**THE TASK**
Copy each line below that has "material".

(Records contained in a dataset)
★ ★ ★ ★ ★

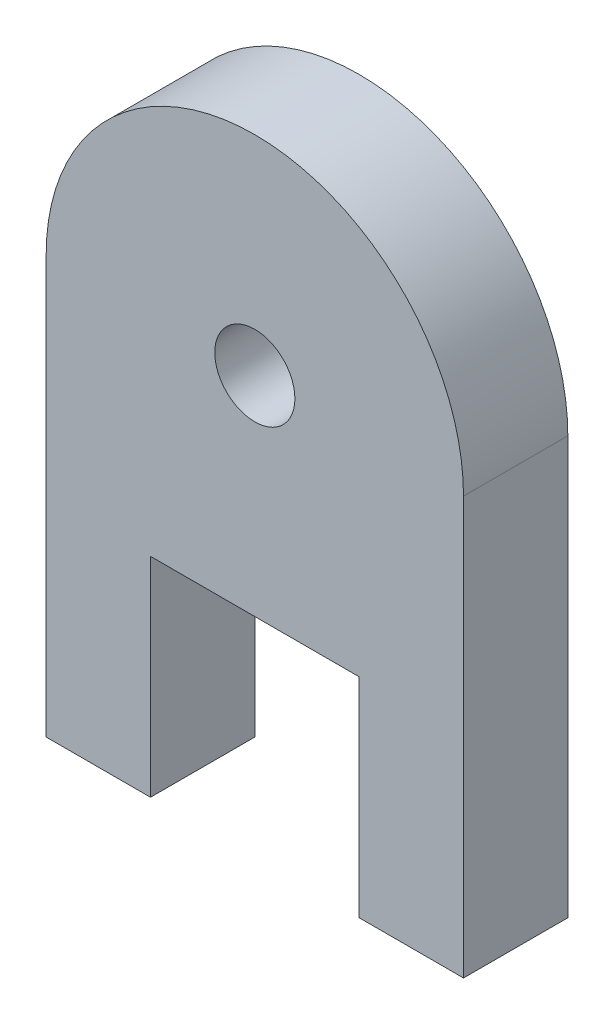
SolidWorks part; units mm, degrees
material "Delrin 2700 NC010, Low Viscosity Acetal Copolymer (SS)"
ref_plane "Front Plane" through (0, 0, 0) normal (0, 0, 1) x (1, 0, 0)
ref_plane "Top Plane" through (0, 0, 0) normal (0, 1, 0) x (1, 0, 0)
ref_plane "Right Plane" through (0, 0, 0) normal (1, 0, 0) x (0, 0, -1)
sketch "Sketch1" plane through (0, 0, 0) normal (0, 0, 1) x (1, 0, 0)
  line L0 (-3.175, 0) -> (0, 0) construction
  line L1 (0, 0) -> (3.175, 0) construction
  line L2 (-3.175, 0) -> (-3.175, -6.35)
  line L3 (-3.175, -6.35) -> (3.175, -6.35)
  line L4 (3.175, -6.35) -> (3.175, 0)
  circle A0 centre (0, 0) radius 0.6096
  arc A1 (-3.175, 0) -> (3.175, 0) centre (0, 0) cw
  dimension "D1" = 1.2192
  dimension "D2" = 6.35
  dimension "D3" = 6.35
extrude "Boss-Extrude1" add sketch "Sketch1" along normal blind 1.5875
sketch "Sketch2" plane through (0, 0, 0) normal (0, 0, -1) x (-1, 0, 0)
  line L0 (3.175, -6.35) -> (-3.175, -6.35) construction
  line L1 (-1.5875, -6.35) -> (1.5875, -6.35)
  line L2 (-1.5875, -6.35) -> (-1.5875, -3.175)
  line L3 (-1.5875, -3.175) -> (1.5875, -3.175)
  line L4 (1.5875, -6.35) -> (1.5875, -3.175)
  line L5 (-1.5875, -6.35) -> (-3.175, -6.35) construction
  line L6 (1.5875, -6.35) -> (3.175, -6.35) construction
  dimension "D1" = 3.175
  dimension "D2" = 1.5875
extrude "Cut-Extrude1" cut sketch "Sketch2" against normal through all
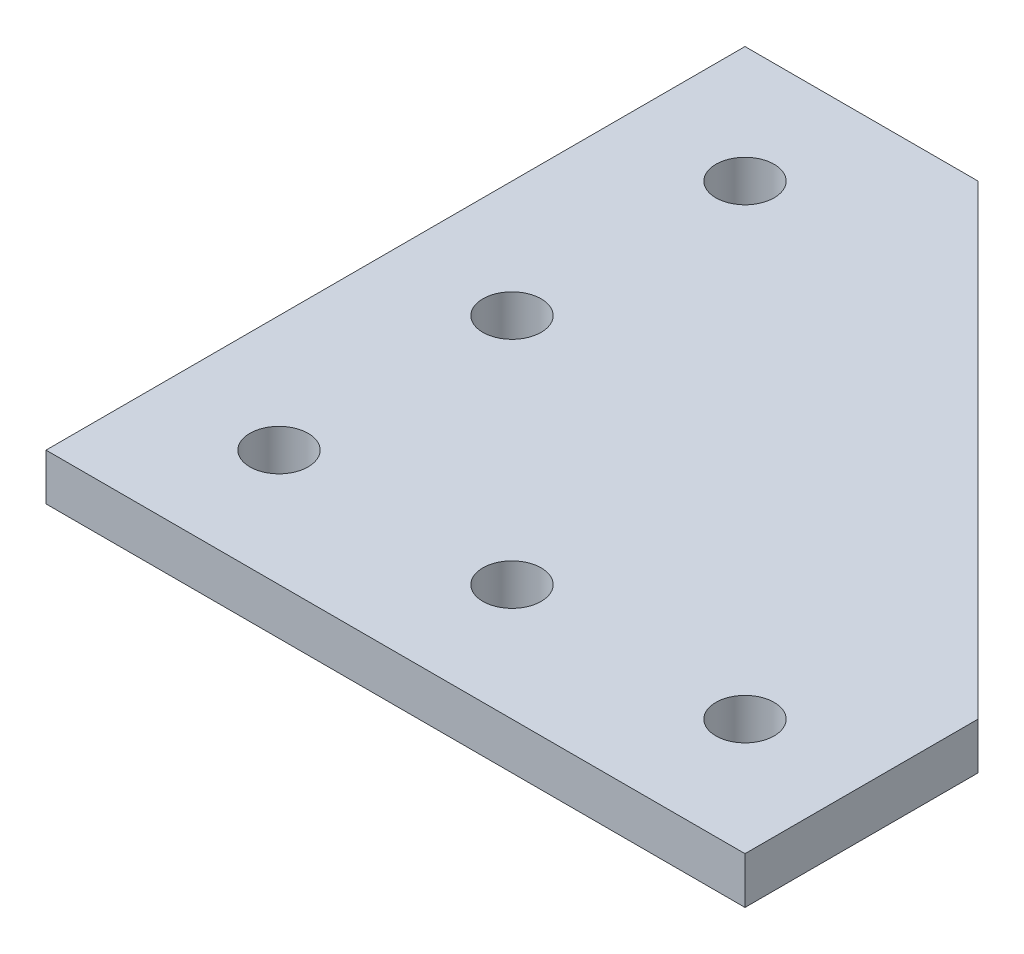
SolidWorks part; units mm, degrees
material "6061 Alloy"
ref_plane "Front Plane" through (0, 0, 0) normal (0, 0, 1) x (1, 0, 0)
ref_plane "Top Plane" through (0, 0, 0) normal (0, 1, 0) x (1, 0, 0)
ref_plane "Right Plane" through (0, 0, 0) normal (1, 0, 0) x (0, 0, -1)
sketch "Sketch1" plane through (0, 0, 0) normal (0, 1, 0) x (1, 0, 0)
  line L0 (-10, -10) -> (-10, 50)
  line L5 (0, 0) -> (-10, 0) construction
  line L6 (0, 0) -> (0, -10) construction
  line L7 (0, -10) -> (-10, -10) construction
  line L8 (-10, 0) -> (-10, -10) construction
  line L9 (-10, 50) -> (10, 50)
  line L10 (-10, -10) -> (50, -10)
  line L11 (50, -10) -> (50, 10)
  line L12 (50, 10) -> (10, 50)
  dimension "D1" = 10
  dimension "D2" = 10
extrude "Boss-Extrude1" add sketch "Sketch1" along normal mid plane 4
sketch "Sketch3" plane through (0, 0, 0) normal (0, 1, 0) x (1, 0, 0)
  circle A0 centre (0, 0) radius 2.5
  circle A1 centre (20, 0) radius 2.5
  circle A2 centre (40, 0) radius 2.5
  circle A3 centre (0, 20) radius 2.5
  circle A4 centre (0, 40) radius 2.5
extrude "Cut-Extrude1" cut sketch "Sketch3" against normal through all both and the other way through all
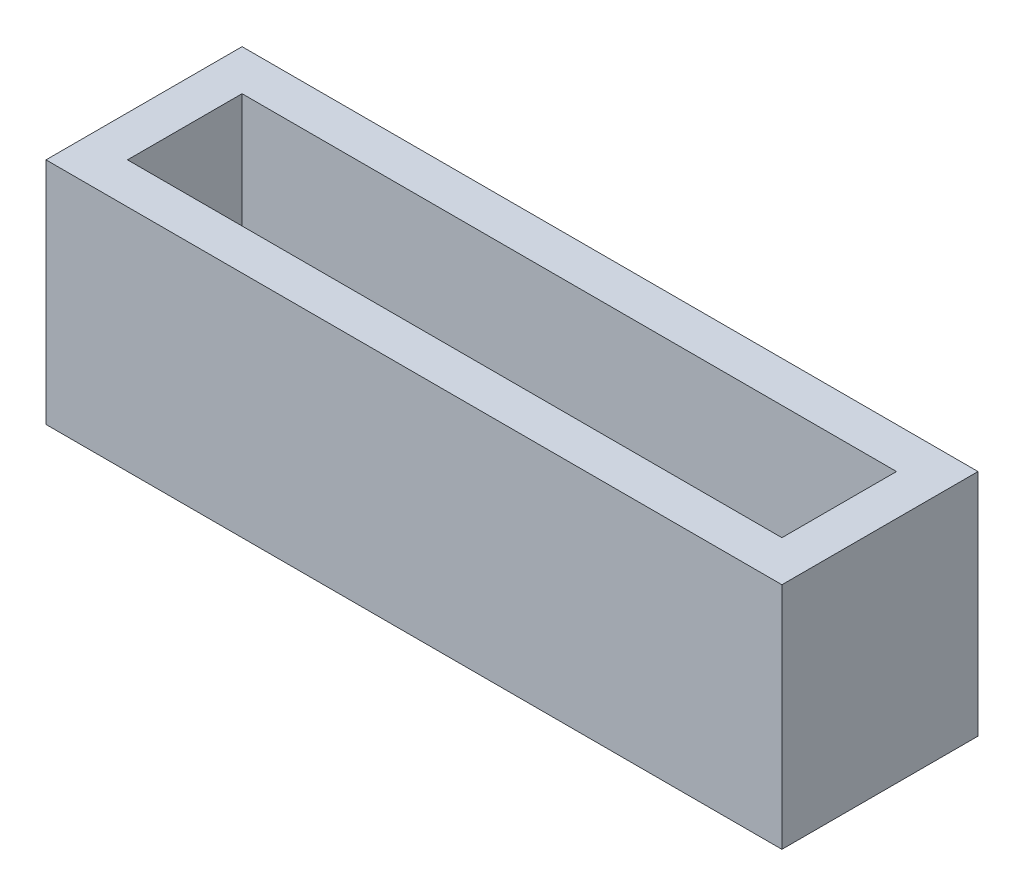
SolidWorks part; units mm, degrees
ref_plane "Front Plane" through (0, 0, 0) normal (0, 0, 1) x (1, 0, 0)
ref_plane "Top Plane" through (0, 0, 0) normal (0, 1, 0) x (1, 0, 0)
ref_plane "Right Plane" through (0, 0, 0) normal (1, 0, 0) x (0, 0, -1)
sketch "Sketch1" plane through (0, 0, 0) normal (0, 1, 0) x (1, 0, 0)
  line L0 (-7.3266, 5.4061) -> (21.5734, 5.4061)
  line L1 (-5.7266, 3.8061) -> (19.9734, 3.8061)
  line L2 (-5.7266, 3.8061) -> (-5.7266, -0.6939)
  line L3 (-5.7266, -0.6939) -> (19.9734, -0.6939)
  line L4 (19.9734, 3.8061) -> (19.9734, -0.6939)
  line L5 (21.5734, 5.4061) -> (21.5734, -2.2939)
  line L6 (-7.3266, -2.2939) -> (21.5734, -2.2939)
  line L7 (-7.3266, 5.4061) -> (-7.3266, -2.2939)
  point P8 (0, 0)
  point P9 (0, 0)
  point P10 (0, 0)
  dimension "D1" = 25.7
  dimension "D2" = 4.5
  dimension "D3" = 1.6
extrude "Boss-Extrude1" add sketch "Sketch1" along normal blind 9 contours L0 L7 L6 L5 L1 L4 L3 L2
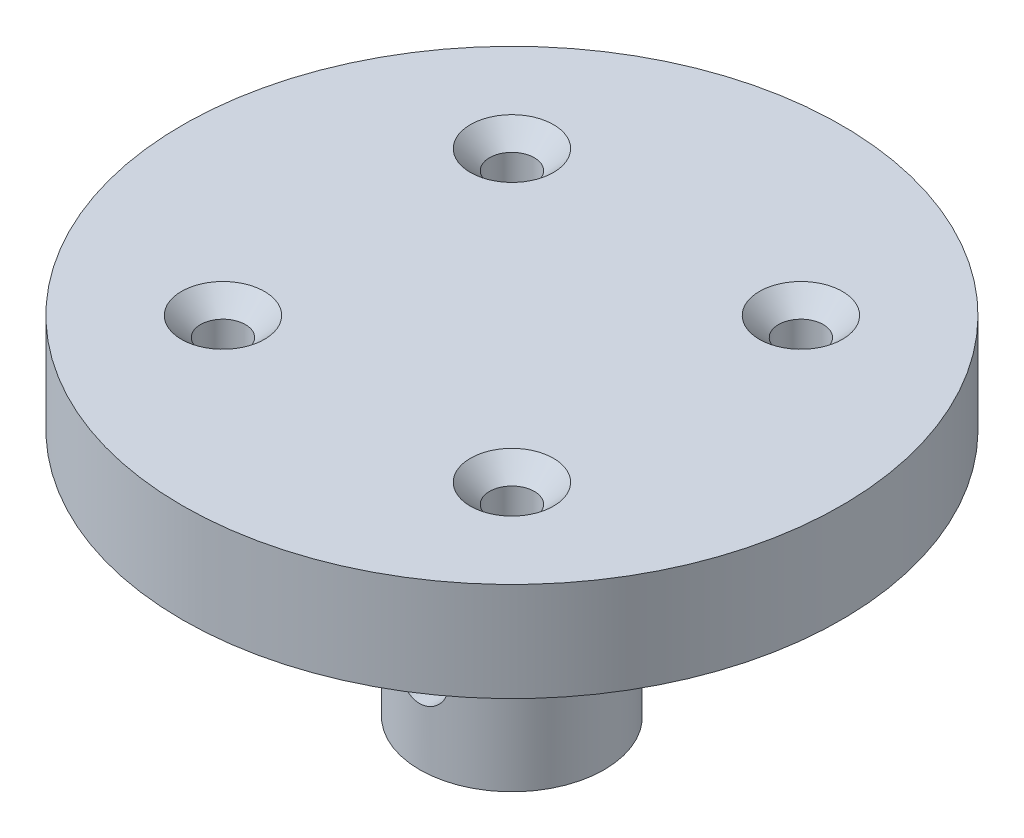
SolidWorks part; units mm, degrees
ref_plane "Front Plane" through (0, 0, 0) normal (0, 0, 1) x (1, 0, 0)
ref_plane "Top Plane" through (0, 0, 0) normal (0, 1, 0) x (1, 0, 0)
ref_plane "Right Plane" through (0, 0, 0) normal (1, 0, 0) x (0, 0, -1)
sketch "Sketch1" plane through (0, 0, 0) normal (0, 1, 0) x (1, 0, 0)
  line L1 (-25, -25) -> (25, -25)
  line L2 (-25, -25) -> (-25, 25)
  line L3 (-25, 25) -> (25, 25)
  line L4 (25, -25) -> (25, 25)
  line L5 (-25, -25) -> (25, 25) construction
  line L6 (-25, 25) -> (25, -25) construction
  circle A0 centre (0, 0) radius 25
  circle A1 centre (0, 0) radius 5
  dimension "D1" = 50
  dimension "D2" = 10
extrude "Boss-Extrude1" add sketch "Sketch1" along normal blind 7.5 contours A0 A1
sketch "Sketch2" plane through (0, 7.5, 0) normal (0, 1, 0) x (1, 0, 0)
  line L1 (-25, -25) -> (25, -25)
  line L2 (-25, -25) -> (-25, 25)
  line L3 (-25, 25) -> (25, 25)
  line L4 (25, -25) -> (25, 25)
  line L5 (-25, -25) -> (25, 25) construction
  line L6 (-25, 25) -> (25, -25) construction
  line L7 (-8.3085, 13.6118) -> (-13.6118, 8.3085) construction
  circle A0 centre (0, 0) radius 25 construction
  point P0 (0, 0)
  point P15 (-10.9602, 10.9602)
  point P18 (10.9602, 10.9602)
  point P19 (10.9602, -10.9602)
  point P20 (-10.9602, -10.9602)
  dimension "D2" = 15.5
  dimension "D3" = 7.5
  dimension "D5" = 15.5
  dimension "D4" = 4
hole_wizard "CSK for M3 Flat Head Machine Screw1" positions "3DSketch2" profile "Sketch5" countersink size "M3" standard "ANSI Metric" end condition through all
sketch3d "3DSketch2"
  point P0 (-10.9602, 7.5, -10.9602)
  point P3 (10.9602, 7.5, -10.9602)
  point P6 (10.9602, 7.5, 10.9602)
  point P9 (-10.9602, 7.5, 10.9602)
sketch "Sketch5" plane through (-10.9602, 7.5, -10.9602) normal (1, 0, 0) x (0, 0, 1)
  line L0 (0, 0) -> (0, 7.5)
  line L1 (0, 7.5) -> (1.725, 7.5)
  line L2 (1.7, 7.475) -> (1.7, 1.45)
  line L3 (1.7, 1.45) -> (3.15, 0)
  line L5 (3.15, 0) -> (0, 0)
  line L6 (-1.7, 1.45) -> (-3.15, 0) construction
  line L7 (1.725, 7.5) -> (1.7, 7.475)
  line L8 (-1.725, 7.5) -> (-1.7, 7.475) construction
  line L11 (0, -6.35) -> (0, 107.95) construction
  dimension "Thru Hole Dia." = 3.4
  dimension "Thru Hole Depth" = 7.5
  dimension "Near C'Sink Dia." = 6.3
  dimension "Near C'Sink Angle" = 90
  dimension "Far C'Sink Dia." = 3.45
  dimension "Far C'Sink Angle" = 90
sketch "Sketch6" plane through (0, 0, 0) normal (0, -1, 0) x (1, 0, 0)
  line L0 (2.6458, 3) -> (-2.6458, 3)
  circle A1 centre (0, 0) radius 4
  circle A3 centre (0, 0) radius 7
  dimension "D2" = 8
  dimension "D1" = 3
  dimension "D3" = 3
extrude "Boss-Extrude2" add sketch "Sketch6" along normal blind 18.85
ref_plane "Plane1" through (0, 0, 7) normal (0, 0, 1) x (1, 0, 0)
sketch "Sketch7" plane through (0, 0, 0) normal (0, 0, 1) x (1, 0, 0)
  line L0 (0, -6.35) -> (0, -18.85)
  line L1 (-7, 0) -> (-7, -18.85) construction
  line L2 (-7, -12.6) -> (7, -12.6)
  line L4 (0, 0) -> (0, -6.35)
  line L5 (-7, -18.85) -> (7, -18.85) construction
  circle A0 centre (0, -12.6) radius 1
  circle A1 centre (0, -12.6) radius 1.9
  point P0 (0, -18.8481)
  point P2 (0, 0)
  point P3 (0, 12.7)
  point P8 (0, -10.9925)
  point P9 (-0.1256, -15.5749)
  point P10 (0, -12.6)
  point P13 (-0.1672, -13.3399)
  point P14 (-0.1103, -9.425)
  point P15 (0, 0)
  point P16 (0.1638, -6.35)
  dimension "D1" = 2
  dimension "D2" = 3.8
  dimension "D3" = 12.6
extrude "Cut-Extrude1" cut sketch "Sketch7" along normal blind 10.5 contours A0
sketch "Sketch11" plane through (0, 0, 7) normal (0, 0, 1) x (1, 0, 0)
  line L0 (0, 0) -> (0, -6.35)
  circle A0 centre (0, -12.6) radius 1.9
  point P3 (0, -12.6)
  point P4 (0, -9.425)
  point P6 (0, 0)
  point P14 (0, 0)
  dimension "D1" = 3.8
  dimension "D2" = 6.35
extrude "Cut-Extrude2" cut sketch "Sketch11" against normal blind 2 contours A0

★ ★ ★ ★ ★

**OUTPUT BELOW**
material "Delrin 2700 NC010, Low Viscosity Acetal Copolymer (SS)"
material "6061 Alloy"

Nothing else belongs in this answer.